How many of the lines below include the word "dataSet"? Only the number should be given.

• [Provided entries]:
Segment Open

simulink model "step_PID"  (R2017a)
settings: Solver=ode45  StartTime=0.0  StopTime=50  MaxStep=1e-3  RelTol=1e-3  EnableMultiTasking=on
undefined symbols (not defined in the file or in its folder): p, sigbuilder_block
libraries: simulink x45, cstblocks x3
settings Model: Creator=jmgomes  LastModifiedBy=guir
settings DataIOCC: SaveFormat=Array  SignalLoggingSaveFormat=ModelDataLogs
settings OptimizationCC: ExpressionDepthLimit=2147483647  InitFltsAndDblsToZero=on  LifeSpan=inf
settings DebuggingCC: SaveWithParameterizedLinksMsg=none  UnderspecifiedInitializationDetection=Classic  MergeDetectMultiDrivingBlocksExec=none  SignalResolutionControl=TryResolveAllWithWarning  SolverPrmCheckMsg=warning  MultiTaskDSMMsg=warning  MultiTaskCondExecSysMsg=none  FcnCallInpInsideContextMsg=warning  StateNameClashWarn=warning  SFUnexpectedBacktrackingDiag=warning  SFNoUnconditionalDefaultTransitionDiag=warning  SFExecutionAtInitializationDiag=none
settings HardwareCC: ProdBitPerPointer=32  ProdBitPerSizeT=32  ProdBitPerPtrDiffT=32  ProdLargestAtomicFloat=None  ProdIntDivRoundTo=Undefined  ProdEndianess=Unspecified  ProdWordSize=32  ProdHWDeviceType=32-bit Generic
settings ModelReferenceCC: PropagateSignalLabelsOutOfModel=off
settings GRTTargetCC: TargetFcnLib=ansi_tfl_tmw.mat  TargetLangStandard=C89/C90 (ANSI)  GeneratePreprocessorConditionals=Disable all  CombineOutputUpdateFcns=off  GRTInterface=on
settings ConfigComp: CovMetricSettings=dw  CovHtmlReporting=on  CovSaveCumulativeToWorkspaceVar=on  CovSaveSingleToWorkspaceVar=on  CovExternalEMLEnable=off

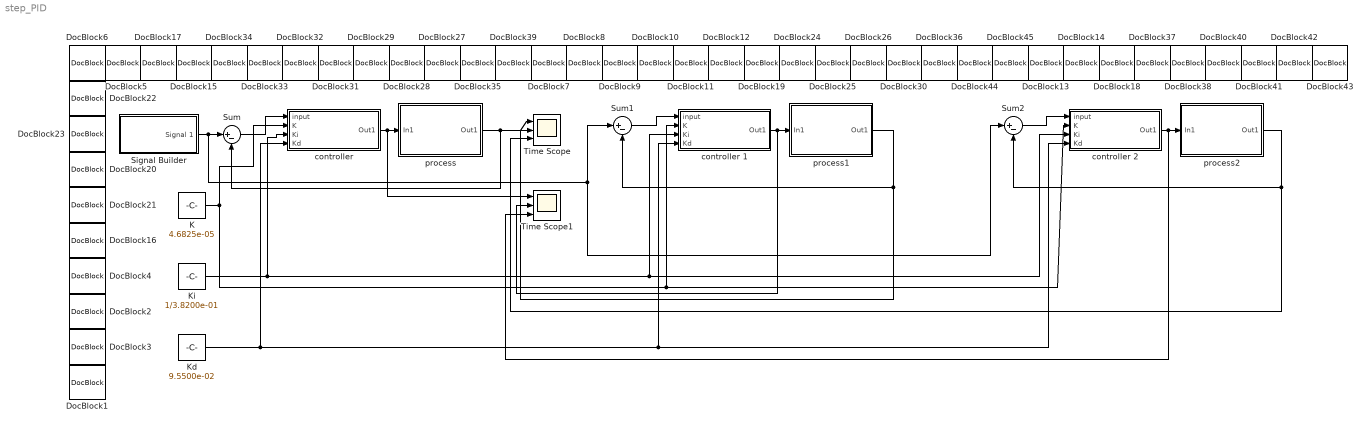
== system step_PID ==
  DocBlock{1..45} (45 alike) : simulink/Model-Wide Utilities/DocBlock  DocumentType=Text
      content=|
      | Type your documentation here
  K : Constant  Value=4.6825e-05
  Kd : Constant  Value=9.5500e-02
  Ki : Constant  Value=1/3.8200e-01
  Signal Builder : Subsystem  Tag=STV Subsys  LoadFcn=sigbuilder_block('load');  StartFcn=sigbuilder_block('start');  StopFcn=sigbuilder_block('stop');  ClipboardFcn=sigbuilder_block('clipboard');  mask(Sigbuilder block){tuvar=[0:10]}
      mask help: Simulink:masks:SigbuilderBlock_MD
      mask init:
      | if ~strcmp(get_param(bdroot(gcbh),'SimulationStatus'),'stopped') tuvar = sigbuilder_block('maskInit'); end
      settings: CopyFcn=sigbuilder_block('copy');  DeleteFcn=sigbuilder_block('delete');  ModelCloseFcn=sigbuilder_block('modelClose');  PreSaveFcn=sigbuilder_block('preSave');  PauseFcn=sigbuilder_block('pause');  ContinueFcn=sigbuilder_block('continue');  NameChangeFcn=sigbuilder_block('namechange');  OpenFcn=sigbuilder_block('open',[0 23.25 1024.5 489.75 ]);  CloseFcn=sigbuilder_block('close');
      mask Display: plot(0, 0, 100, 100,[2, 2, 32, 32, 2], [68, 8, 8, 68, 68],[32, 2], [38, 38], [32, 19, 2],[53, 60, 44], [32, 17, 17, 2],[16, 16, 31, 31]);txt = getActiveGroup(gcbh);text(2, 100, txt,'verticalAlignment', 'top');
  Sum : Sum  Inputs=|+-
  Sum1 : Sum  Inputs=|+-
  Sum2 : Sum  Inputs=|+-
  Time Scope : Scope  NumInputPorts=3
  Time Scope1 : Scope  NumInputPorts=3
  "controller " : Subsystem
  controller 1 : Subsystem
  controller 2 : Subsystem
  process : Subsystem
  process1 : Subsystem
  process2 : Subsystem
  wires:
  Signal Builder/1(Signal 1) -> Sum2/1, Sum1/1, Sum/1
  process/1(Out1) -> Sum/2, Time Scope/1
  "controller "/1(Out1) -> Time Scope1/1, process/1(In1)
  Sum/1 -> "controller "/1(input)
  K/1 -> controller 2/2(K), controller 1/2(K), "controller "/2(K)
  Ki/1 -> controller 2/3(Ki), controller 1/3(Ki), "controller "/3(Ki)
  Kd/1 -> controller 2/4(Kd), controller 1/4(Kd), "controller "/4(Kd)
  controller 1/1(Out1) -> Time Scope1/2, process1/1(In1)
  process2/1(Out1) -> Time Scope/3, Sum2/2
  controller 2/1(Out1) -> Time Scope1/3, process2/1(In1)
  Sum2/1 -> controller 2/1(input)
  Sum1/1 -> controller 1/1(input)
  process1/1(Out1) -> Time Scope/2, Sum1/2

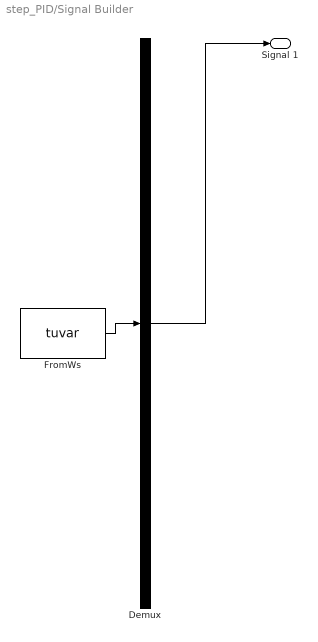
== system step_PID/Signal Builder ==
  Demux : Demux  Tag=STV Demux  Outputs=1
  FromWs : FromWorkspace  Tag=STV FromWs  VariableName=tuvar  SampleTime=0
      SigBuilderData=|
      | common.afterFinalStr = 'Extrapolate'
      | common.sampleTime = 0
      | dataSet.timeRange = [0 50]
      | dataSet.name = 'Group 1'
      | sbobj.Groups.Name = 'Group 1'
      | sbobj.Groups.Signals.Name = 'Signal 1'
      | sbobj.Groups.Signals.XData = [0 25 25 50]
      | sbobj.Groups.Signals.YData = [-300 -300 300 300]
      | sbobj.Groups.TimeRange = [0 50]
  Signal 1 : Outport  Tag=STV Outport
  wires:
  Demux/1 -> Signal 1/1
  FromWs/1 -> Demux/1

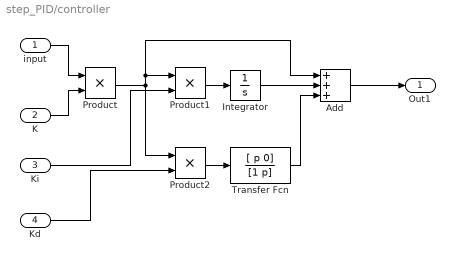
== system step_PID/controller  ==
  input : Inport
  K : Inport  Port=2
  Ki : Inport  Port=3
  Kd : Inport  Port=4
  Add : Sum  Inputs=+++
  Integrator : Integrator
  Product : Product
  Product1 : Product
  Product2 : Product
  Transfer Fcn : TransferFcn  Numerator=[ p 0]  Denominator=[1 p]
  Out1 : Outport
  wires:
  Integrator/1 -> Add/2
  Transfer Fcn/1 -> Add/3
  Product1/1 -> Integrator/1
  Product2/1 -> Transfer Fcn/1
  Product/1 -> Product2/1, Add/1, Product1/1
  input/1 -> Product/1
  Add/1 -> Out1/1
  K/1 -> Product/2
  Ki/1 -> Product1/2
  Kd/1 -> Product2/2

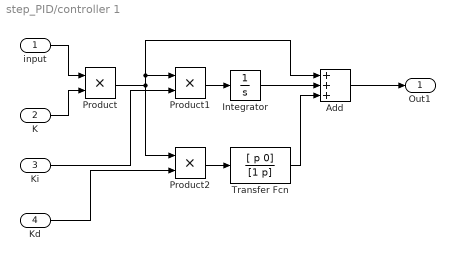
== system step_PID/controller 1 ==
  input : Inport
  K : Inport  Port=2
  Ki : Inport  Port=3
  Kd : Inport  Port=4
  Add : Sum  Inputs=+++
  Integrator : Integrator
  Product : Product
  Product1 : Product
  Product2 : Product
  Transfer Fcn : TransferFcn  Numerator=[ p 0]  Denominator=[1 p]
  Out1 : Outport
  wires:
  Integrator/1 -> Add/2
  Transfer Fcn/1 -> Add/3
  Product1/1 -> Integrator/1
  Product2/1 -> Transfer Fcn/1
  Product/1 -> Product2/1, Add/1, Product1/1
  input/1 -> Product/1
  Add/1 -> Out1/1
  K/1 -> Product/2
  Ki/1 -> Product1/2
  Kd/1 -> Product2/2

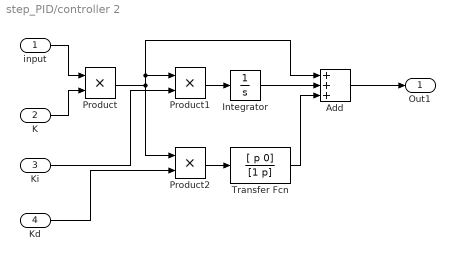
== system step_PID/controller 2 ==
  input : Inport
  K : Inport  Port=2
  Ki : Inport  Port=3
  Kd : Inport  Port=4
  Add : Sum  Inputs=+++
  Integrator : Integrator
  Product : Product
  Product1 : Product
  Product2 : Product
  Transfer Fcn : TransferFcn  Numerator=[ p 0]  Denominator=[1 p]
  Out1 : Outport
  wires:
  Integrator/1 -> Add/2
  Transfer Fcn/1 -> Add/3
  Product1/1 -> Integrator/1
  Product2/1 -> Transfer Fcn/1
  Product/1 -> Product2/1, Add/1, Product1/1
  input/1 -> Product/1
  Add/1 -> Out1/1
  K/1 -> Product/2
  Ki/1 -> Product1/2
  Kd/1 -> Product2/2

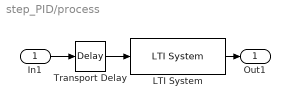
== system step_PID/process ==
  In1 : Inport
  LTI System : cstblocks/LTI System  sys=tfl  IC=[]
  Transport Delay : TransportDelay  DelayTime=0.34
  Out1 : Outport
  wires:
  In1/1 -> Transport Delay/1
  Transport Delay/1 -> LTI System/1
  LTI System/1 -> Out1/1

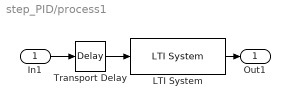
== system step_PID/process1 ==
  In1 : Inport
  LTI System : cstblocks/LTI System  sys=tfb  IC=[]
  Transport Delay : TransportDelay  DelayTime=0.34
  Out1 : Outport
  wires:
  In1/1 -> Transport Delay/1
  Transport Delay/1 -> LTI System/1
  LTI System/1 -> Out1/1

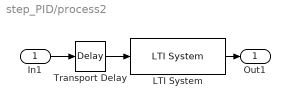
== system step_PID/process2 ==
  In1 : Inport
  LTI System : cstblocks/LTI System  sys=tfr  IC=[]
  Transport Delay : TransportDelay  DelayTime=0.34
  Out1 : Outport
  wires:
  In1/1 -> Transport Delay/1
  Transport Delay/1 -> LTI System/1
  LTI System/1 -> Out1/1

Segment Closed

• [Written solution]: 2